START Input data

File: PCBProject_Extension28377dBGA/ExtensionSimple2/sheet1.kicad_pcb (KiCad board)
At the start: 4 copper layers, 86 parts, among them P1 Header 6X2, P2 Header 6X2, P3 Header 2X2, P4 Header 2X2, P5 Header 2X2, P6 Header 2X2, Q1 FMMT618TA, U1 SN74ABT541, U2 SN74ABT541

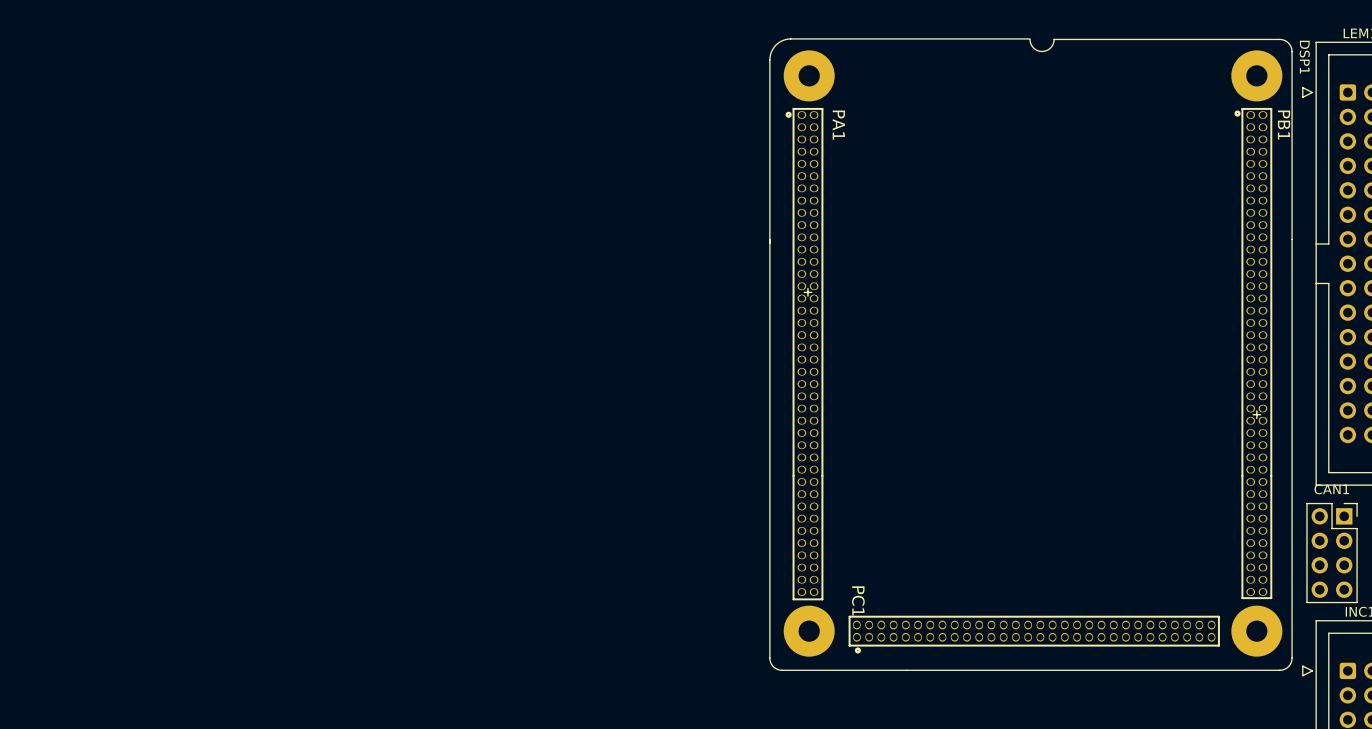
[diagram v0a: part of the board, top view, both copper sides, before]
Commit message: comnponents kayout in the pcb
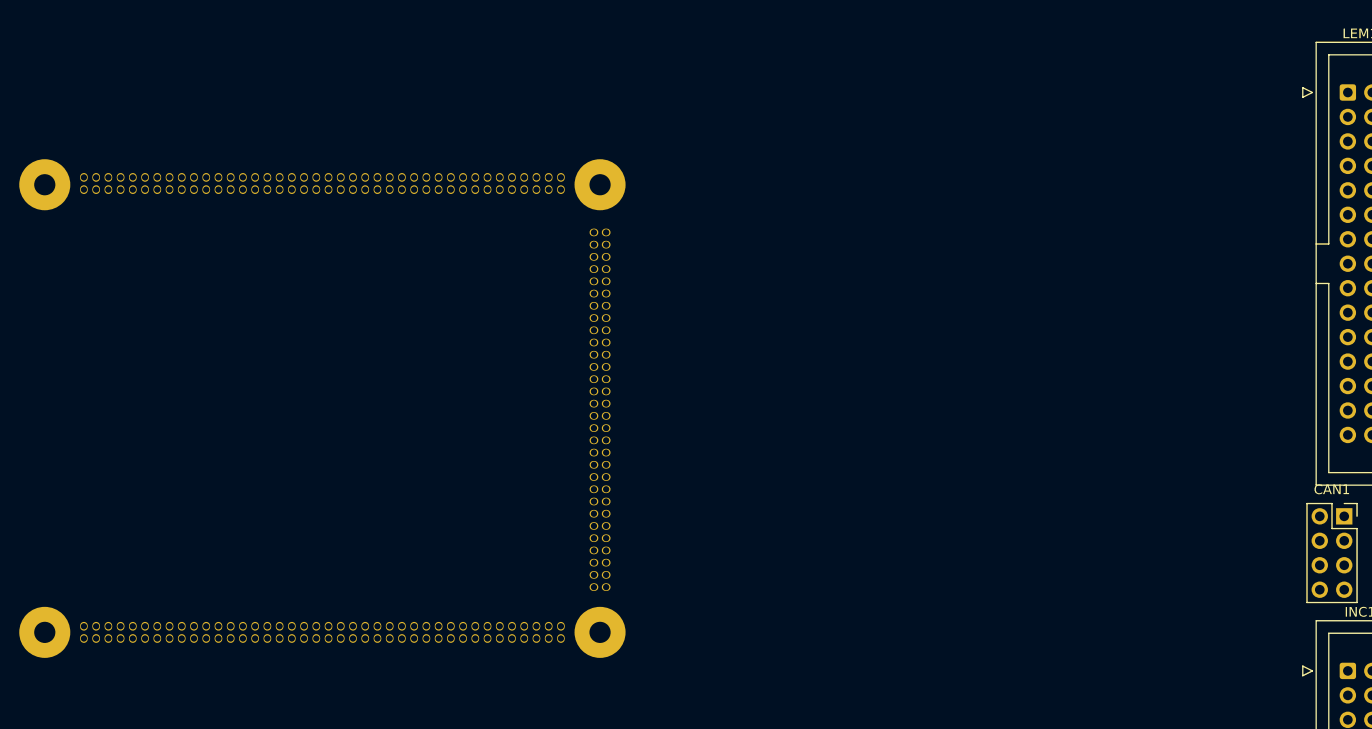
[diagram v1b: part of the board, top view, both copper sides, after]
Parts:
- DSP1: moved to B.Cu
- moved DSP1 56.7 mm to (166.6, 114.2), turned to -90 degrees

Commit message: Components layout
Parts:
- R25, R26, R27, R28, R32, R33: moved to B.Cu
- moved POWER1 131.9 mm to (129.5, 139.7)
- moved UART4 130.0 mm to (146.1, 92.7), turned to 90 degrees
- moved INC1 125.2 mm to (127.0, 88.9)
- moved R23 124.3 mm to (154.9, 80.9)
- moved R24 124.3 mm to (154.9, 83.8)
- moved RU1 116.7 mm to (177.8, 83.8)
- moved UART3 116.4 mm to (147.3, 109.2), turned to 90 degrees
- moved C12 113.8 mm to (161.6, 80.9), turned to 90 degrees
- moved DI1 113.1 mm to (148.9, 80.9)
- moved R25 112.8 mm to (139.7, 160.4), turned to 90 degrees
- moved UART2 106.8 mm to (146.1, 125.7), turned to 90 degrees
- moved LEM2 106.1 mm to (195.6, 194.8), turned to -90 degrees
- moved VDC_BUS1 105.3 mm to (279.4, 146.1), turned to 180 degrees
- moved UART1 96.9 mm to (147.3, 142.2), turned to 90 degrees
- moved C8 96.4 mm to (282.0, 114.6), turned to 90 degrees
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
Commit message: block routing done.
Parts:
- removed P3, P4, P5, P6: Header 2X2, Connector_PinSocket_2.54mm:PinSocket_2x02_P2.54mm_Vertical
- added J1: Conn_02x08_Top_Bottom, Connector_PinSocket_2.54mm:PinSocket_2x08_P2.54mm_Vertical, F.Cu at (269.2, 180.3)
- added J2: Conn_01x02_Pin, Connector_PinSocket_2.54mm:PinSocket_2x02_P2.54mm_Vertical, F.Cu at (41.9, 52.1)
- added J3: Conn_01x02_Pin, Connector_PinSocket_2.54mm:PinSocket_2x02_P2.54mm_Vertical, F.Cu at (39.4, 58.4)
- R25, R26, R27, R28, R32, R33: moved to F.Cu
- moved R13 262.7 mm to (45.7, 49.5), turned to 90 degrees
- moved R15 253.8 mm to (45.7, 61.0), turned to 90 degrees
- moved R19 252.7 mm to (48.3, 49.5), turned to 90 degrees
- moved R14 250.6 mm to (45.7, 53.3), turned to -90 degrees
- moved C5 247.8 mm to (50.8, 53.3), turned to 90 degrees
- moved R21 245.8 mm to (53.3, 45.7), turned to 90 degrees
- moved VDC_BUS1 245.7 mm to (57.1, 41.4), turned to 0 degrees
- moved R16 245.6 mm to (45.7, 57.1), turned to -90 degrees
- moved C7 245.5 mm to (50.8, 49.5), turned to 90 degrees
- moved R20 244.7 mm to (48.3, 61.0)
- moved C10 243.0 mm to (50.8, 45.7), turned to 90 degrees
- moved D1 242.6 mm to (53.3, 41.0), turned to -90 degrees
- moved R17 241.0 mm to (48.3, 53.3), turned to 90 degrees
- moved C9 240.1 mm to (55.9, 45.7)
- moved C8 237.4 mm to (50.8, 61.0)
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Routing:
- net /BootFromFlash: track 0.00 -> 20.4 mm
- net /PWM1A_5V: track 0.00 -> 17.6 mm
- net /PWM6B_5V: track 0.00 -> 15.5 mm
- net /PWM4A_5V: track 0.00 -> 15.0 mm
- net /PWM2A_5V: track 0.00 -> 15.0 mm
- net /PWM5A_5V: track 0.00 -> 12.8 mm
- net /PWM3A_5V: track 0.00 -> 12.4 mm
- net /PWM5B_5V: track 0.00 -> 12.1 mm
- net /DSP_PWM1~{_ENABL}E: track 0.00 -> 11.8 mm
- net /PWM6A_5V: track 0.00 -> 11.5 mm
- net /PWM4B_5V: track 0.00 -> 10.9 mm
- net Net-(C6-Pad2): track 0.00 -> 10.7 mm
- net /PWM1B_5V: track 0.00 -> 10.2 mm
- net /PWM3B_5V: track 0.00 -> 10.1 mm
- net /IPM_VDC_BUS2: track 0.00 -> 10.0 mm
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
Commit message: update sheet1
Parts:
- removed P1, P2: Header 6X2, Connector_PinSocket_2.54mm:PinSocket_2x06_P2.54mm_Vertical
- added IPM2: Conn_02x08_Top_Bottom, Connector_PinSocket_2.54mm:PinSocket_2x08_P2.54mm_Vertical, F.Cu at (316.0, 118.1)
- moved J2 303.2 mm to (338.5, 114.8)
- moved R13 303.2 mm to (342.3, 112.3)
- moved R14 303.2 mm to (342.3, 116.1)
- moved R15 303.2 mm to (342.3, 123.7)
- moved R16 303.2 mm to (342.3, 119.9)
- moved C10 303.2 mm to (347.4, 108.5)
- moved C11 303.2 mm to (352.5, 123.7)
- moved C5 303.2 mm to (347.4, 116.1)
- moved C6 303.2 mm to (347.4, 119.9)
- moved C7 303.2 mm to (347.4, 112.3)
- moved C8 303.2 mm to (347.4, 123.7)
- moved C9 303.2 mm to (352.5, 108.5)
- moved J3 303.2 mm to (336.0, 121.1)
- moved N1 303.2 mm to (352.5, 116.1)
- moved R17 303.2 mm to (344.9, 116.1)
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- renumbered J1 to IPM1

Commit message: extension board layout
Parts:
- added J1: Conn_02x05_Odd_Even, Connector_IDC:IDC-Header_2x05_P2.54mm_Vertical, F.Cu at (385.1, 88.4)
- added SPI1: HIF3FC-20PA-2.54DSA, Connector_IDC:IDC-Header_2x10_P2.54mm_Vertical, B.Cu at (220.4, 188.6)
- added SPI2: Conn_02x04_Counter_Clockwise, Connector_PinSocket_2.54mm:PinSocket_2x04_P2.54mm_Vertical, F.Cu at (256.7, 155.3)
- moved RU2 190.3 mm to (235.8, 234.6)
- moved RU1 190.3 mm to (235.8, 231.6)
- moved LEM2 157.2 mm to (257.0, 217.4)
- moved LEM1 125.0 mm to (220.5, 252.0)
- moved CAN1 109.8 mm to (235.9, 105.4), turned to 180 degrees
- moved UART1 101.0 mm to (247.1, 124.5)
- moved UART3 93.2 mm to (254.5, 124.5)
- moved CAN2 89.4 mm to (218.2, 105.4), turned to 180 degrees
- moved UART2 86.2 mm to (239.8, 124.5)
- moved J3 67.9 mm to (280.3, 160.1), turned to -90 degrees
- moved UART4 66.5 mm to (227.2, 105.4), turned to 180 degrees
- moved J2 60.0 mm to (280.4, 100.1)
- moved INC1 57.0 mm to (227.1, 115.8), turned to 90 degrees
- moved C10 53.8 mm to (293.6, 109.3)
- moved C5 53.8 mm to (293.6, 116.9)
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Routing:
- net /PWM6B_5V: track 15.5 -> 5.06 mm
- net /PWM5B_5V: track 12.1 -> 4.26 mm
- net /DC_BUS_2M1: track 7.25 -> 0.00 mm
- net /DSP_PWM2~{_ENABL}E: track 7.92 -> 14.8 mm
- net /GND_2M1: track 6.73 -> 0.00 mm
- net /GND_2M2: track 6.70 -> 0.00 mm
- net /DC_BUS_2M2: track 6.87 -> 0.38 mm
- net /PWM1A_5V: track 17.6 -> 11.2 mm
- net /PWM3A_5V: track 12.4 -> 6.37 mm
- net Net-(C8-Pad1): track 5.10 -> 10.8 mm
- net /PWM4B_5V: track 10.9 -> 5.25 mm
- net /PWM1B_5V: track 10.2 -> 4.79 mm
- net /PWM2B_5V: track 9.46 -> 4.02 mm
- net /PWM3B_5V: track 10.1 -> 5.02 mm
- net /PWM2A_5V: track 15.0 -> 10.2 mm
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
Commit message: HY加油
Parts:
- added RU3: 0R, Resistor_SMD:R_0805_2012Metric, F.Cu at (226.8, 158.5)
- C1, C12, C2, C3, C4, R1, R10, R11, R12, R2, R23, R24, R25, R26, R27, R28, R3, R32, R33, R4, R5, R6, R7, R8, R9, U1, U2: moved to B.Cu
- DSP1: footprint 1mmlab_footprint:DSP_240 -> 1mmlab_footprint:DSP_240_SMD
- LEM1, LEM2: footprint Connector_IDC:IDC-Header_2x15_P2.54mm_Vertical -> Connector_PinSocket_2.54mm:PinSocket_2x15_P2.54mm_Vertical
- moved J1 175.2 mm to (212.4, 117.9), turned to 90 degrees
- moved LEM1 172.6 mm to (270.4, 86.8), turned to -90 degrees
- moved RU1 141.8 mm to (243.4, 90.1), turned to 180 degrees
- moved TP12 110.5 mm to (389.5, 144.3), turned to -90 degrees
- moved TP10 106.2 mm to (386.5, 144.3), turned to -90 degrees
- moved TP8 101.9 mm to (383.4, 144.3), turned to -90 degrees
- moved TP6 97.6 mm to (380.4, 144.3), turned to -90 degrees
- moved TP4 93.4 mm to (377.3, 144.3), turned to -90 degrees
- moved RU2 89.4 mm to (244.4, 145.6), turned to 180 degrees
- moved TP2 89.1 mm to (374.3, 144.3), turned to -90 degrees
- moved LEM2 82.9 mm to (211.2, 148.4), turned to 90 degrees
- moved IPM1 70.4 mm to (245.5, 114.6), turned to 180 degrees
- moved C2 69.8 mm to (279.1, 149.1)
- moved C4 69.8 mm to (283.7, 149.1)
- moved R2 69.8 mm to (274.2, 149.1)
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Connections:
- J1 pad 1: unconnected-(J1-Pin_1-Pad1) -> /QEP1_HALL_U
- J1 pad 10: unconnected-(J1-Pin_10-Pad10) -> D+5V
- J1 pad 2: unconnected-(J1-Pin_2-Pad2) -> /MQEP1A
- J1 pad 3: unconnected-(J1-Pin_3-Pad3) -> /QEP1_HALL_V
- J1 pad 4: unconnected-(J1-Pin_4-Pad4) -> /MQEP1B
- J1 pad 5: unconnected-(J1-Pin_5-Pad5) -> /QEP1_HALL_W
- J1 pad 6: unconnected-(J1-Pin_6-Pad6) -> /MQEP1Z
- J1 pad 7: unconnected-(J1-Pin_7-Pad7) -> PE_GND
- J1 pad 8: unconnected-(J1-Pin_8-Pad8) -> VDD
- J1 pad 9: unconnected-(J1-Pin_9-Pad9) -> AGND
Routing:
- net 12VGND: track 0.00 -> 135.8 mm
- net AGND: track 0.05 -> 58.2 mm
- net /BootFromFlash: track 20.4 -> 0.67 mm
- net -12: track 0.00 -> 12.7 mm
- net +12: track 0.00 -> 12.7 mm
- net /PWM4A_5V: track 11.8 -> 0.00 mm
- net /PWM1A_5V: track 11.2 -> 0.00 mm
- net /PWM2A_5V: track 10.2 -> 0.00 mm
- net /PWM5A_5V: track 9.39 -> 0.00 mm
- net Net-(LEM2-Pad7): track 0.00 -> 8.04 mm
- net A+5V: track 0.00 -> 7.62 mm
- net /PWM6A_5V: track 6.99 -> 0.00 mm
- net /PWM3A_5V: track 6.37 -> 0.00 mm
- net Net-(DI1-Pin_3): track 6.10 -> 0.00 mm
- net /DSP_PWM2~{_ENABL}E: track 14.8 -> 9.20 mm
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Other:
- board text added: "URAT4"

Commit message: Revert "HY加油"
This reverts commit aaa1912d429fb000e99d7c8797d7335188b5b639.

rollback
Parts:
- C12, R23, R24, R25, R26, R27, R28, R32, R33: moved to F.Cu
- TP1, TP10, TP11, TP12, TP2, TP3, TP4, TP5, TP6, TP7, TP8, TP9: moved to B.Cu
- moved J1 175.2 mm to (385.1, 88.4), turned to 0 degrees
- moved LEM1 172.6 mm to (220.5, 252.0), turned to 90 degrees
- moved RU1 141.8 mm to (235.8, 231.6), turned to 0 degrees
- moved TP12 101.4 mm to (303.6, 90.3), turned to 0 degrees
- moved TP10 100.6 mm to (303.6, 87.3), turned to 0 degrees
- moved TP8 99.9 mm to (303.6, 84.2), turned to 0 degrees
- moved TP6 99.4 mm to (303.6, 81.2), turned to 0 degrees
- moved TP4 99.0 mm to (303.6, 78.1), turned to 0 degrees
- moved TP2 98.9 mm to (303.6, 75.1), turned to 0 degrees
- moved RU2 89.4 mm to (235.8, 234.6), turned to 0 degrees
- moved LEM2 82.9 mm to (257.0, 217.4), turned to -90 degrees
- moved IPM1 70.4 mm to (312.4, 136.5), turned to 0 degrees
- moved J3 69.3 mm to (280.3, 160.1), turned to -90 degrees
- moved R10 66.0 mm to (288.8, 76.6)
- moved R4 66.0 mm to (288.8, 82.7)
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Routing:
- net 12VGND: track 135.8 -> 0.00 mm
- net AGND: track 58.2 -> 0.05 mm
- net /BootFromFlash: track 0.67 -> 20.4 mm
- net /PWM4A_5V: track 0.00 -> 18.6 mm
- net /PWM1A_5V: track 0.00 -> 18.2 mm
- net /PWM5A_5V: track 0.00 -> 16.4 mm
- net /PWM2A_5V: track 0.00 -> 16.0 mm
- net /PWM6A_5V: track 0.00 -> 14.2 mm
- net /PWM3A_5V: track 0.00 -> 13.9 mm
- net /PWM3B_5V: track 0.00 -> 13.1 mm
- net /PWM6B_5V: track 0.00 -> 12.9 mm
- net -12: track 12.7 -> 0.00 mm
- net +12: track 12.7 -> 0.00 mm
- net /PWM4B_5V: track 0.00 -> 12.7 mm
- net /PWM1B_5V: track 0.00 -> 12.4 mm
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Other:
- board text removed: "URAT4"

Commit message: Power layout
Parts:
- C10, C11, C12, C5, C6, C7, C8, C9, D1, D2, D3, N1, Q1, R13, R14, R15, R16, R17, R18, R19, R20, R21, R22, R23, R24, R25, R26, R27, R28, R29, R30, R31, R32, R33, VDC_BUS1, VDC_BUS2: moved to B.Cu
- moved RU2 139.3 mm to (203.7, 99.1)
- moved LEM2 135.6 mm to (230.3, 84.5)
- moved RU1 127.6 mm to (203.7, 108.1)
- moved J1 118.8 mm to (266.4, 83.0), turned to -90 degrees
- moved RU3 104.9 mm to (201.1, 103.8), turned to 180 degrees
- moved LEM1 103.9 mm to (197.1, 150.7)
- moved TP2 83.0 mm to (282.8, 155.4), turned to 180 degrees
- moved J3 82.6 mm to (306.1, 81.6), turned to 90 degrees
- moved R12 81.9 mm to (297.6, 156.0), turned to 180 degrees
- moved R10 77.8 mm to (297.6, 153.9), turned to 180 degrees
- moved TP4 77.1 mm to (282.8, 152.4), turned to 180 degrees
- moved R8 73.8 mm to (297.6, 151.9), turned to 180 degrees
- moved TP6 71.3 mm to (282.8, 149.4), turned to 180 degrees
- moved R6 69.7 mm to (297.6, 149.9), turned to 180 degrees
- moved R4 65.7 mm to (297.6, 147.8), turned to 180 degrees
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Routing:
- net AGND: track 0.05 -> 759.8 mm, vias 0 -> 3
- net D+5V: track 4.23 -> 228.7 mm, vias 0 -> 2
- net AVDD: track 0.00 -> 183.7 mm, vias 0 -> 1
- net +12: track 0.00 -> 170.1 mm
- net 12VGND: track 0.00 -> 160.6 mm
- net A+5V: track 0.00 -> 139.9 mm, vias 0 -> 2
- net -12: track 0.00 -> 126.3 mm
- net A-5V: track 0.00 -> 115.3 mm
- net /IPM_IW2: track 0.00 -> 93.4 mm, vias 0 -> 1
- net D12V1: track 0.00 -> 92.2 mm, vias 0 -> 2
- net /IPM_IU2: track 0.00 -> 90.2 mm, vias 0 -> 1
- net /IPM_IV2: track 0.00 -> 88.5 mm, vias 0 -> 1
- net /IPM_IU1: track 0.00 -> 68.6 mm
- net Net-(LEM1-Pad7): track 0.00 -> 61.3 mm, vias 0 -> 2
- net D12VGND: track 0.00 -> 52.4 mm

END Input data

Which lines above contain "sides"? Show each of them.

Your response >>
[diagram v0a: part of the board, top view, both copper sides, before]
[diagram v1b: part of the board, top view, both copper sides, after]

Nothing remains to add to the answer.